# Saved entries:
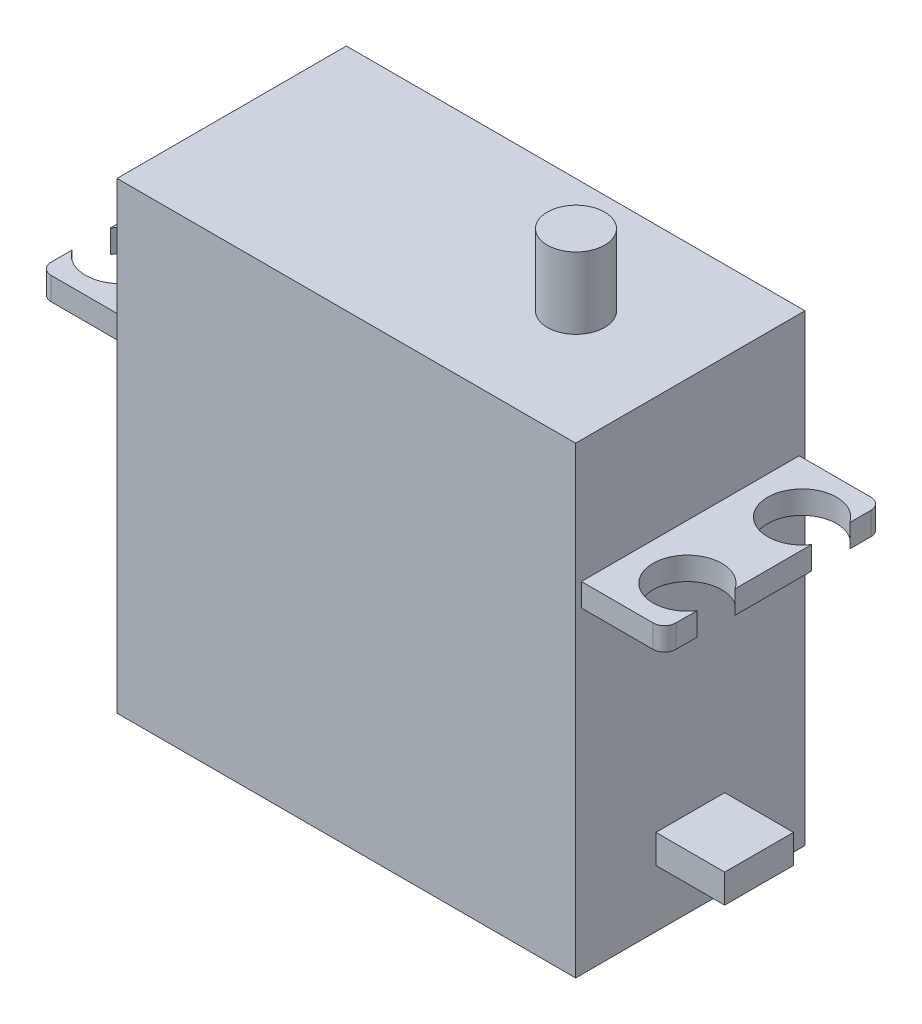
SolidWorks part; units mm, degrees
ref_plane "Front Plane" through (0, 0, 0) normal (0, 0, 1) x (1, 0, 0)
ref_plane "Top Plane" through (0, 0, 0) normal (0, 1, 0) x (1, 0, 0)
ref_plane "Right Plane" through (0, 0, 0) normal (1, 0, 0) x (0, 0, -1)
sketch "Sketch1" plane through (0, 0, 0) normal (0, 0, 1) x (1, 0, 0)
  line L0 (0, 27.7) -> (40, 27.7) construction
  line L1 (0, 0) -> (40, 0)
  line L2 (0, 0) -> (0, 40.4)
  line L3 (0, 40.4) -> (40, 40.4)
  line L4 (40, 0) -> (40, 40.4)
  dimension "D1" = 40
  dimension "D2" = 40.4
  dimension "D3" = 27.7
extrude "Boss-Extrude1" add sketch "Sketch1" along normal blind 20
ref_plane "Plane1" through (0, 27.7, 0) normal (0, -1, 0) x (-1, 0, 0)
sketch "Sketch2" plane through (0, 27.7, 0) normal (0, -1, 0) x (-1, 0, 0)
  line L0 (7.25, -10) -> (0, -10) construction
  line L1 (7.25, -0.5) -> (-47.25, -0.5)
  line L2 (7.25, -0.5) -> (7.25, -19.5)
  line L3 (7.25, -19.5) -> (-47.25, -19.5)
  line L4 (-47.25, -0.5) -> (-47.25, -19.5)
  line L5 (0, -20) -> (0, 0) construction
  line L6 (-20, -20) -> (-20, -19.5) construction
  line L7 (-40, -20) -> (0, -20) construction
  line L8 (-44.75, -10) -> (-47.25, -10) construction
  line L9 (4.75, -5) -> (-44.75, -5) construction
  line L10 (4.75, -5) -> (4.75, -15) construction
  line L11 (4.75, -15) -> (-44.75, -15) construction
  line L12 (-44.75, -5) -> (-44.75, -15) construction
  line L13 (-20, -5) -> (-20, -0.5) construction
  circle A0 centre (4.75, -5) radius 3 construction
  circle A1 centre (4.75, -15) radius 3 construction
  circle A2 centre (-44.75, -15) radius 3 construction
  circle A3 centre (-44.75, -5) radius 3 construction
  dimension "D3" = 10
  dimension "D5" = 6
  dimension "D1" = 54.5
  dimension "D2" = 19
  dimension "D4" = 49.5
extrude "Boss-Extrude2" add sketch "Sketch2" against normal blind 2
sketch "Sketch3" plane through (0, 29.7, 0) normal (0, 1, 0) x (1, 0, 0)
  circle A0 centre (-4.75, -15) radius 3
  circle A1 centre (-4.75, -5) radius 3
  circle A2 centre (44.75, -5) radius 3
  circle A3 centre (44.75, -15) radius 3
  circle A4 centre (44.75, -15) radius 3 construction
  circle A5 centre (44.75, -5) radius 3 construction
  circle A6 centre (-4.75, -5) radius 3 construction
  circle A7 centre (-4.75, -15) radius 3 construction
extrude "Cut-Extrude1" cut sketch "Sketch3" against normal through all
fillet "Fillet1" radius 1 4 edges at (47.25, 28.7, 19.5) (47.25, 28.7, 0.5) (-7.25, 28.7, 0.5) (-7.25, 28.7, 19.5)
sketch "Sketch4" plane through (0, 40.4, 0) normal (0, 1, 0) x (1, 0, 0)
  line L0 (47.25, -0.5) -> (47.25, -19.5) construction
  line L1 (30.03, -10) -> (40, -10) construction
  line L2 (40, -20) -> (40, 0) construction
  circle A0 centre (30.03, -10) radius 2.5
  dimension "D1" = 17.22
  dimension "D2" = 5
extrude "Boss-Extrude3" add sketch "Sketch4" along normal blind 6.223
sketch "Sketch5" plane through (40, 0, 0) normal (1, 0, 0) x (0, 0, -1)
  line L0 (-10, 5) -> (-10, 0) construction
  line L1 (-13, 7.5) -> (-7, 7.5)
  line L2 (-13, 7.5) -> (-13, 5)
  line L3 (-13, 5) -> (-7, 5)
  line L4 (-7, 7.5) -> (-7, 5)
  line L5 (-20, 0) -> (0, 0) construction
  dimension "D1" = 6
  dimension "D2" = 2.5
  dimension "D3" = 5
extrude "Boss-Extrude4" add sketch "Sketch5" along normal blind 6

# Activity:
Wherever an image appears, omit it; copy the rest of the records exactly.

# Response area:
SolidWorks part; units mm, degrees
ref_plane "Front Plane" through (0, 0, 0) normal (0, 0, 1) x (1, 0, 0)
ref_plane "Top Plane" through (0, 0, 0) normal (0, 1, 0) x (1, 0, 0)
ref_plane "Right Plane" through (0, 0, 0) normal (1, 0, 0) x (0, 0, -1)
sketch "Sketch1" plane through (0, 0, 0) normal (0, 0, 1) x (1, 0, 0)
  line L0 (0, 27.7) -> (40, 27.7) construction
  line L1 (0, 0) -> (40, 0)
  line L2 (0, 0) -> (0, 40.4)
  line L3 (0, 40.4) -> (40, 40.4)
  line L4 (40, 0) -> (40, 40.4)
  dimension "D1" = 40
  dimension "D2" = 40.4
  dimension "D3" = 27.7
extrude "Boss-Extrude1" add sketch "Sketch1" along normal blind 20
ref_plane "Plane1" through (0, 27.7, 0) normal (0, -1, 0) x (-1, 0, 0)
sketch "Sketch2" plane through (0, 27.7, 0) normal (0, -1, 0) x (-1, 0, 0)
  line L0 (7.25, -10) -> (0, -10) construction
  line L1 (7.25, -0.5) -> (-47.25, -0.5)
  line L2 (7.25, -0.5) -> (7.25, -19.5)
  line L3 (7.25, -19.5) -> (-47.25, -19.5)
  line L4 (-47.25, -0.5) -> (-47.25, -19.5)
  line L5 (0, -20) -> (0, 0) construction
  line L6 (-20, -20) -> (-20, -19.5) construction
  line L7 (-40, -20) -> (0, -20) construction
  line L8 (-44.75, -10) -> (-47.25, -10) construction
  line L9 (4.75, -5) -> (-44.75, -5) construction
  line L10 (4.75, -5) -> (4.75, -15) construction
  line L11 (4.75, -15) -> (-44.75, -15) construction
  line L12 (-44.75, -5) -> (-44.75, -15) construction
  line L13 (-20, -5) -> (-20, -0.5) construction
  circle A0 centre (4.75, -5) radius 3 construction
  circle A1 centre (4.75, -15) radius 3 construction
  circle A2 centre (-44.75, -15) radius 3 construction
  circle A3 centre (-44.75, -5) radius 3 construction
  dimension "D3" = 10
  dimension "D5" = 6
  dimension "D1" = 54.5
  dimension "D2" = 19
  dimension "D4" = 49.5
extrude "Boss-Extrude2" add sketch "Sketch2" against normal blind 2
sketch "Sketch3" plane through (0, 29.7, 0) normal (0, 1, 0) x (1, 0, 0)
  circle A0 centre (-4.75, -15) radius 3
  circle A1 centre (-4.75, -5) radius 3
  circle A2 centre (44.75, -5) radius 3
  circle A3 centre (44.75, -15) radius 3
  circle A4 centre (44.75, -15) radius 3 construction
  circle A5 centre (44.75, -5) radius 3 construction
  circle A6 centre (-4.75, -5) radius 3 construction
  circle A7 centre (-4.75, -15) radius 3 construction
extrude "Cut-Extrude1" cut sketch "Sketch3" against normal through all
fillet "Fillet1" radius 1 4 edges at (47.25, 28.7, 19.5) (47.25, 28.7, 0.5) (-7.25, 28.7, 0.5) (-7.25, 28.7, 19.5)
sketch "Sketch4" plane through (0, 40.4, 0) normal (0, 1, 0) x (1, 0, 0)
  line L0 (47.25, -0.5) -> (47.25, -19.5) construction
  line L1 (30.03, -10) -> (40, -10) construction
  line L2 (40, -20) -> (40, 0) construction
  circle A0 centre (30.03, -10) radius 2.5
  dimension "D1" = 17.22
  dimension "D2" = 5
extrude "Boss-Extrude3" add sketch "Sketch4" along normal blind 6.223
sketch "Sketch5" plane through (40, 0, 0) normal (1, 0, 0) x (0, 0, -1)
  line L0 (-10, 5) -> (-10, 0) construction
  line L1 (-13, 7.5) -> (-7, 7.5)
  line L2 (-13, 7.5) -> (-13, 5)
  line L3 (-13, 5) -> (-7, 5)
  line L4 (-7, 7.5) -> (-7, 5)
  line L5 (-20, 0) -> (0, 0) construction
  dimension "D1" = 6
  dimension "D2" = 2.5
  dimension "D3" = 5
extrude "Boss-Extrude4" add sketch "Sketch5" along normal blind 6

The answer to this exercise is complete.